Unredeemable

(Lord’s day). Lay long caressing my wife and talking, she telling me sad stories of the ill, improvident, disquiett, and sluttish manner that my father and mother and Pall live in the country, which troubles me mightily, and I must seek to remedy it. So up and ready, and my wife also, and then down and I showed my wife, to her great admiration and joy, Mr. Gauden’s present of plate, the two flaggons, which indeed are so noble that I hardly can think that they are yet mine. So blessing God for it, we down to dinner mighty pleasant, and so up after dinner for a while, and I then to White Hall, walked thither, having at home met with a letter of Captain Cooke’s, with which he had sent a boy for me to see, whom he did intend to recommend to me. I therefore went and there met and spoke with him. He gives me great hopes of the boy, which pleases me, and at Chappell I there met Mr. Blagrave, who gives a report of the boy, and he showed me him, and I spoke to him, and the boy seems a good willing boy to come to me, and I hope will do well.
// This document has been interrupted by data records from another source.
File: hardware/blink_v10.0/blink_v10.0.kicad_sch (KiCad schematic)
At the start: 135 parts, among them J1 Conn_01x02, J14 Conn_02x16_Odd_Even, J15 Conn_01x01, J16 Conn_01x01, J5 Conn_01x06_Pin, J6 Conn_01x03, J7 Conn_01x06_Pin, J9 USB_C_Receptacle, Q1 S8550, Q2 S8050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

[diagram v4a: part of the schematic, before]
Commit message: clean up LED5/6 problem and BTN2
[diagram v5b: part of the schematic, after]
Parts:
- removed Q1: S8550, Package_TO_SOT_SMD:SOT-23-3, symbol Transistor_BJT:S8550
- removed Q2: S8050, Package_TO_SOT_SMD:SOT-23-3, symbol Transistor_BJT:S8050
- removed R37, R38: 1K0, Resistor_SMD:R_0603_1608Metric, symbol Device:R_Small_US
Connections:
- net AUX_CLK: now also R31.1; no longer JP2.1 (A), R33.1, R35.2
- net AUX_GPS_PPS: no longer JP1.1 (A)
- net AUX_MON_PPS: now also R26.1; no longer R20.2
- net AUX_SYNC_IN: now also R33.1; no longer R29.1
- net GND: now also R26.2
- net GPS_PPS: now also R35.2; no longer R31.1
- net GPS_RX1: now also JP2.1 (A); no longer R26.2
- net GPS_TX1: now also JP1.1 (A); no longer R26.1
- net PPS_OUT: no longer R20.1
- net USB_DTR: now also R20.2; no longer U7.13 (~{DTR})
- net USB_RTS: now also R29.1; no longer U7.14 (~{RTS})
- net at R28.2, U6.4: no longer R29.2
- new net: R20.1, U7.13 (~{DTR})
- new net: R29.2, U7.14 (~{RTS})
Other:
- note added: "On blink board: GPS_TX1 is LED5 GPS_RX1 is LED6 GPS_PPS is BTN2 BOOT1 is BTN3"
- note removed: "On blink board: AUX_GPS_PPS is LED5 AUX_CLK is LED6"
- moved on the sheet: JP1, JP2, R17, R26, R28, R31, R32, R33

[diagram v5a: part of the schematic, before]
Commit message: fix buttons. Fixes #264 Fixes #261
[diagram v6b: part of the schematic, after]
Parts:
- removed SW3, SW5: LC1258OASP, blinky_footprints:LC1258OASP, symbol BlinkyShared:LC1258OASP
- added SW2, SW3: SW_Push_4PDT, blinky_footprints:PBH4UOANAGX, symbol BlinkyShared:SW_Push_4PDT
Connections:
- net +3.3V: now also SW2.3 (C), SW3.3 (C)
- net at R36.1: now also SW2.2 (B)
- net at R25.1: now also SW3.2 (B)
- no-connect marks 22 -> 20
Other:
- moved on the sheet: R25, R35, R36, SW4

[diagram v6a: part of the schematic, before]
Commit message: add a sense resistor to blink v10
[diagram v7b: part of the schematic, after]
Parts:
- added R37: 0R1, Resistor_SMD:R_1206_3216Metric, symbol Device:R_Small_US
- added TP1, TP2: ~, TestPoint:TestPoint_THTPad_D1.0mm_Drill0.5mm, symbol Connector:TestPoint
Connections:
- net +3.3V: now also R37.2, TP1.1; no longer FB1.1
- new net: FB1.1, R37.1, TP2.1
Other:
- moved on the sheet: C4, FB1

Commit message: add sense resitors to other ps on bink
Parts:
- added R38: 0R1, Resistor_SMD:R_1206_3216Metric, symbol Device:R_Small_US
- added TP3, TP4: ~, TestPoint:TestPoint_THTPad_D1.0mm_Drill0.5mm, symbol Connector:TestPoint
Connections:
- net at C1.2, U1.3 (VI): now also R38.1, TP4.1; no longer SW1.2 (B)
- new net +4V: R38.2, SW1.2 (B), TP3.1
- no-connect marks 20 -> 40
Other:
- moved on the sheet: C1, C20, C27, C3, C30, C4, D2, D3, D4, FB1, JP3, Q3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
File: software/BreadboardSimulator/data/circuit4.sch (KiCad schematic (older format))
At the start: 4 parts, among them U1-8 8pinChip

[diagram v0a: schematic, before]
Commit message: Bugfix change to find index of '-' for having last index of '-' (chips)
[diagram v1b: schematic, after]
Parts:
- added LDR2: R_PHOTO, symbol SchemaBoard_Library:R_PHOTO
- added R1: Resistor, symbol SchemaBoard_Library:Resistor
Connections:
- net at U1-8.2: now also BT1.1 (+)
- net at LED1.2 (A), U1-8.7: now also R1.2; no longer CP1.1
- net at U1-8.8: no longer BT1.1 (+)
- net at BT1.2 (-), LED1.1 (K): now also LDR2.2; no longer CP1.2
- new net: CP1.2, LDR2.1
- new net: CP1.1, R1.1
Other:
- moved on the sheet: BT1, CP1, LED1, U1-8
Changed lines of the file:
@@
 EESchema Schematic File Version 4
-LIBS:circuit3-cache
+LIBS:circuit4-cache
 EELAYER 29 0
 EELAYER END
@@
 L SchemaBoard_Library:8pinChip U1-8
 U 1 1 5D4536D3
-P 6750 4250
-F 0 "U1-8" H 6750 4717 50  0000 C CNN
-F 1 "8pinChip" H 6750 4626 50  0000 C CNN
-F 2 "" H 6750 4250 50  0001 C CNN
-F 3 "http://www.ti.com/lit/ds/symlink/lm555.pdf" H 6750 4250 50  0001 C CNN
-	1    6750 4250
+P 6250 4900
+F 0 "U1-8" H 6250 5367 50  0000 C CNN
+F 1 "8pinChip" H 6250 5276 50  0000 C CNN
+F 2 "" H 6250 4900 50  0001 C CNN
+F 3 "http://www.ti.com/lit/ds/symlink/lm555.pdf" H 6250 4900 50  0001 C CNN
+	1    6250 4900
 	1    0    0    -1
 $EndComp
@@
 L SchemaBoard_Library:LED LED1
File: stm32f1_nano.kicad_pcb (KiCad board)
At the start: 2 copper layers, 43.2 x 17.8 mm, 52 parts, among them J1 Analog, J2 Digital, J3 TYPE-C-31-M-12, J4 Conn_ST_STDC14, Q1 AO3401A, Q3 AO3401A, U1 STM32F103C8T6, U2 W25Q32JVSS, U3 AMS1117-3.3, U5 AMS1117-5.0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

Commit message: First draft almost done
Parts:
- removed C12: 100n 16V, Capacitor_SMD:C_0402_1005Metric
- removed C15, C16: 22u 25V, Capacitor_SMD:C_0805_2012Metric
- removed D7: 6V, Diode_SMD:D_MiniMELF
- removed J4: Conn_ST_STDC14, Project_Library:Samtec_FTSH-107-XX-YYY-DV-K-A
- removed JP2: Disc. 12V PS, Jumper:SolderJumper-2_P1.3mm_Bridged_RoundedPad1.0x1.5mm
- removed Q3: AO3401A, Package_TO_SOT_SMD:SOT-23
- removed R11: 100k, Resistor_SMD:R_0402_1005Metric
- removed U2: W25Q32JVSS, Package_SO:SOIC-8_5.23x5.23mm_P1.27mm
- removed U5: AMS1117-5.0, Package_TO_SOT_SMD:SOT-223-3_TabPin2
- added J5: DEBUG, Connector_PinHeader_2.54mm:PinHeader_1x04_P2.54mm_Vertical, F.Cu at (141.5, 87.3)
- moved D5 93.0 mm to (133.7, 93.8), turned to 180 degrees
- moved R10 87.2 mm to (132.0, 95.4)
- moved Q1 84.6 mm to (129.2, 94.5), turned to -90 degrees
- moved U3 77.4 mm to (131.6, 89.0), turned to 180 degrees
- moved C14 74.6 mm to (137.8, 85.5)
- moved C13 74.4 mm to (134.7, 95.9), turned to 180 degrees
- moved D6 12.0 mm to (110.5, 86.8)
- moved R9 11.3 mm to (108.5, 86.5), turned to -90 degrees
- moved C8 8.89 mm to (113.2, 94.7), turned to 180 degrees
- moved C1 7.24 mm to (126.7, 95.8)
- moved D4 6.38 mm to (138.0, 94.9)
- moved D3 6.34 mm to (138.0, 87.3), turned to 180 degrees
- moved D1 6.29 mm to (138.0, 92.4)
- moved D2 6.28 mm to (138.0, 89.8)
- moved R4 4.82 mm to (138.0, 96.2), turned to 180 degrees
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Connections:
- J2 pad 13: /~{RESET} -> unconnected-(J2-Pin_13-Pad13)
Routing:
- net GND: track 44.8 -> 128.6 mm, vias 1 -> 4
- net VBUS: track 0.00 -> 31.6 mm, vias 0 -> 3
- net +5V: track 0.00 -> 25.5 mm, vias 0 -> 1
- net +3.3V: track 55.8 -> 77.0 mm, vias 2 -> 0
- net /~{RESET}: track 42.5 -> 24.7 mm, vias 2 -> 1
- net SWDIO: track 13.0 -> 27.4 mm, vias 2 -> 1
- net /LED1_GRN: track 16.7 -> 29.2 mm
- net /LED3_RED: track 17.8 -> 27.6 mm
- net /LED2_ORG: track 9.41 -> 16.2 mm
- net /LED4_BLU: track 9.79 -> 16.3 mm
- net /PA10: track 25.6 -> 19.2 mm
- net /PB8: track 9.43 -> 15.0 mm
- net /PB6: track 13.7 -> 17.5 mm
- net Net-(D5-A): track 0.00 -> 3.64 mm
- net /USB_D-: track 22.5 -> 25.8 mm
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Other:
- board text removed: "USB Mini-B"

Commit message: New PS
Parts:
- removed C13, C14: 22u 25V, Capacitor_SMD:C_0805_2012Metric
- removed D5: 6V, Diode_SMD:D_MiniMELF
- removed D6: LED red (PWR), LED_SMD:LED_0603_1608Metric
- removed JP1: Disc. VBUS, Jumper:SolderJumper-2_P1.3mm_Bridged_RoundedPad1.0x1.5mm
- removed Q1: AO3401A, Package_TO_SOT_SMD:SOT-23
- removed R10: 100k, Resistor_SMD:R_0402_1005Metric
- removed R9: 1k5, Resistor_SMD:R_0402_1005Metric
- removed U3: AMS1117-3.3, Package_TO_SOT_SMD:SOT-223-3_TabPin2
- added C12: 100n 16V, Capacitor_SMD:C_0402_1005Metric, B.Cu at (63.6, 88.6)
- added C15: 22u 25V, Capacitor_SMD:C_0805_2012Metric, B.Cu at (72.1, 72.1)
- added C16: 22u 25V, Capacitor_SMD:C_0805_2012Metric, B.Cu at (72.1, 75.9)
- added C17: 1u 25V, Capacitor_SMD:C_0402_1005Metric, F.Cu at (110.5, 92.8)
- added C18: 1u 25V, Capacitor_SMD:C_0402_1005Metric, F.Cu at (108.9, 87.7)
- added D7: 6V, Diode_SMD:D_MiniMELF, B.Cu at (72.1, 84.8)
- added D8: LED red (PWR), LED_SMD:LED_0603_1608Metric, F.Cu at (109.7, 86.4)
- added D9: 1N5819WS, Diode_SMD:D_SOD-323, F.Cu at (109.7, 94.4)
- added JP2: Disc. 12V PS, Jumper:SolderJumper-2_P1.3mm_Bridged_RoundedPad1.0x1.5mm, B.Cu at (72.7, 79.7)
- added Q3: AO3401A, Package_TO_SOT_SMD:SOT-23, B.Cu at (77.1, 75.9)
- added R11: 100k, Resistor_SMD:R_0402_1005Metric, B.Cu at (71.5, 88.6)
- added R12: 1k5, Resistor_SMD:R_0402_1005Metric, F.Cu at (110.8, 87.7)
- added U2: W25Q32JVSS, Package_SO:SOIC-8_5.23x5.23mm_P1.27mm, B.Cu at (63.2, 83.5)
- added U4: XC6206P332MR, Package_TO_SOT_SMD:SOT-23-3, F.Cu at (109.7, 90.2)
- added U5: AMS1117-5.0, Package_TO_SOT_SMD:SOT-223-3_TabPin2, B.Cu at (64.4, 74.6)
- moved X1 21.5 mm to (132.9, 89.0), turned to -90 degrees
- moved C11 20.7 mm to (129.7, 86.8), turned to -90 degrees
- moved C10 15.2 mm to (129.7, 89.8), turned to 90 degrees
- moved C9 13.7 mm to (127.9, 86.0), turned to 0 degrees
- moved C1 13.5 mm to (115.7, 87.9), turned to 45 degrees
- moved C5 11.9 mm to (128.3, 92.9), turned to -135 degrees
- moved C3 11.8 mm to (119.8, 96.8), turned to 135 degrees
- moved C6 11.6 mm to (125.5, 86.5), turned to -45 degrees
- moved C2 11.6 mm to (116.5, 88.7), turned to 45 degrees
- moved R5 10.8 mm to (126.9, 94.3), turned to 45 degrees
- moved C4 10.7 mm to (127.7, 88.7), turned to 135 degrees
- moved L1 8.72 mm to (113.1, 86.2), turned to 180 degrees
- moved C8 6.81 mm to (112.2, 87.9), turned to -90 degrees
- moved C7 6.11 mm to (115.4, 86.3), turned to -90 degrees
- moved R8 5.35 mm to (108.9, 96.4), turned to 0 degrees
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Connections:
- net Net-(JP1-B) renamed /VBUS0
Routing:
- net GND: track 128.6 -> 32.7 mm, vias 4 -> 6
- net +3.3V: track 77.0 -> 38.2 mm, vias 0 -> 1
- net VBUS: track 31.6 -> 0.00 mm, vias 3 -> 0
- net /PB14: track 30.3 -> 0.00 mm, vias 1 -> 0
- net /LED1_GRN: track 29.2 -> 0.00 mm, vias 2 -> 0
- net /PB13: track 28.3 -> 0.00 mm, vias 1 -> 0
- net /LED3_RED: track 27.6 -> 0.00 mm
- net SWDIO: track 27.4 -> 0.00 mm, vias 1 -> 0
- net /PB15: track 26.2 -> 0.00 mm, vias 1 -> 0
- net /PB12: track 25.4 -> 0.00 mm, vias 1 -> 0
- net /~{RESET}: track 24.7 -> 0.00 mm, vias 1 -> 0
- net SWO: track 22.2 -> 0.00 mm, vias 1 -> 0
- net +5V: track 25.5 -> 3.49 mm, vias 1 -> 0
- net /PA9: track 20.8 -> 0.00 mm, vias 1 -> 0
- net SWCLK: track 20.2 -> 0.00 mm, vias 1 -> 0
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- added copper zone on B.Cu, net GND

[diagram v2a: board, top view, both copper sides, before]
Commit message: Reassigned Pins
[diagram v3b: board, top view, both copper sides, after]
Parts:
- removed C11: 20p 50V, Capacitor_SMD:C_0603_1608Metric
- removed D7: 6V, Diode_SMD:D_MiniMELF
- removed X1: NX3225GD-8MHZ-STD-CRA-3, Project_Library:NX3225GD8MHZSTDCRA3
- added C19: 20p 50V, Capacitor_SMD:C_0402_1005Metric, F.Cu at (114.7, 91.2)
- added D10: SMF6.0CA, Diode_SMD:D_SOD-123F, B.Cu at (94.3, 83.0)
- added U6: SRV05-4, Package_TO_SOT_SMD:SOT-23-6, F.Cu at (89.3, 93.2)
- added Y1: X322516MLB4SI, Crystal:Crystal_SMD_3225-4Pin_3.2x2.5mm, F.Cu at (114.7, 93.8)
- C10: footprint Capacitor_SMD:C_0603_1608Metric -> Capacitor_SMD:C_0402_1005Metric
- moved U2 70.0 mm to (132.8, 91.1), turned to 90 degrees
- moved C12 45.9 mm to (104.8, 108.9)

I am to speak to Mr. Townsend to hasten his clothes for him, and then he is to come. So I walked homeward and met with Mr. Spong, and he with me as far as the Old Exchange talking of many ingenuous things, musique, and at last of glasses, and I find him still the same ingenuous man that ever he was, and do among other fine things tell me that by his microscope of his owne making he do discover that the wings of a moth is made just as the feathers of the wing of a bird, and that most plainly and certainly. While we were talking came by several poor creatures carried by, by constables, for being at a conventicle. They go like lambs, without any resistance. I would to God they would either conform, or be more wise, and not be catched! Thence parted with him, mightily pleased with his company, and away homeward, calling at Dan Rawlinson, and supped there with my uncle Wight, and then home and eat again for form sake with her, and then to prayers and to bed.

long sad stories
live in the country

they might hit the glass
on the wings of bird

poor creatures without
any art or prayer


Erasure poem derived from The Diary of Samuel Pepys, Sunday 7 August 1664.